No, a make.conf NO, a /etc/env.d/02locale

de lo contrario no serán variables globales del entorno, como todo lo demás que se define en make.conf

Así evitas tener que modificar el /etc/profile y la posibilidad de perder los cambios cada vez que se actualice el baselayout, porque no actualizarlo puede ser una muy mala idea...

----------

## Alex14

 *LinuxBlues wrote:*   

> 
> 
> No, a make.conf NO, a /etc/env.d/02locale
> 
> de lo contrario no serán variables globales del entorno, como todo lo demás que se define en make.conf
> ...

 

 :Surprised:  no tengo ese fichero (ni siquiera con otro numero) tengo que crearlo?
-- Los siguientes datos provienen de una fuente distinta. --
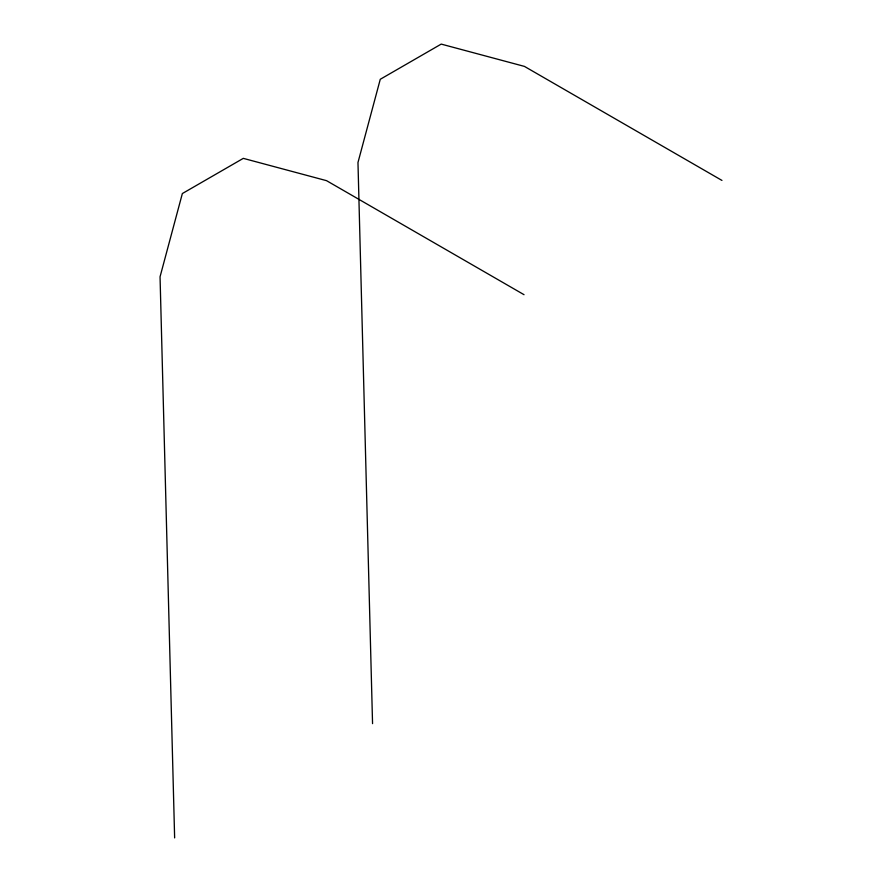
<?xml version="1.0" encoding="UTF-8"?>
<svg xmlns="http://www.w3.org/2000/svg" width="882" height="882" viewBox="0 0 882 882"><rect width="100%" height="100%" fill="white"/><g stroke="black" fill="none" stroke-linecap="round" stroke-linejoin="round"><path stroke-width="1.32" d="M721.95 180.424L524.448 66.404L441.209 44.1L380.274 79.281L357.971 162.531L372.557 723.637M524.029 294.687L326.538 180.667L243.3 158.363L182.354 193.544L160.05 276.794L174.636 837.9"/></g></svg>

y srry no he terminado (y empezado) de entender el porque hay y en make.conf no xD

----------

## LinuxBlues

 *Alex14 wrote:*   

> no tengo ese fichero (ni siquiera con otro numero) tengo que crearlo?
> 
> y srry no he terminado (y empezado) de entender el porque hay y en make.conf no xD

 

Efectivamente, hay que crearlo, env-update no servirá, hay que hacer un reboot para que lo lea...

Con respecto a lo de por qué no añadirlo a /etc/make.conf sencillamente teclea

echo $CFLAGS

Si no te devuelve ningún valor, o mejor dicho, no devuelve absolutamente nada, espero que entiendas porqué.... make.conf no crea variables globales de entorno, es decir, si no estuvieses usando un escritorio kde o gnome, que me juego el cuello a que lo estás haciendo, dado que no lo has notado, y estuvieses usando uno de tipo "fluxbox", con definir las "locales" en make.conf te aparecería en inglés, a menos que uses gdm o kdm para iniciarlo.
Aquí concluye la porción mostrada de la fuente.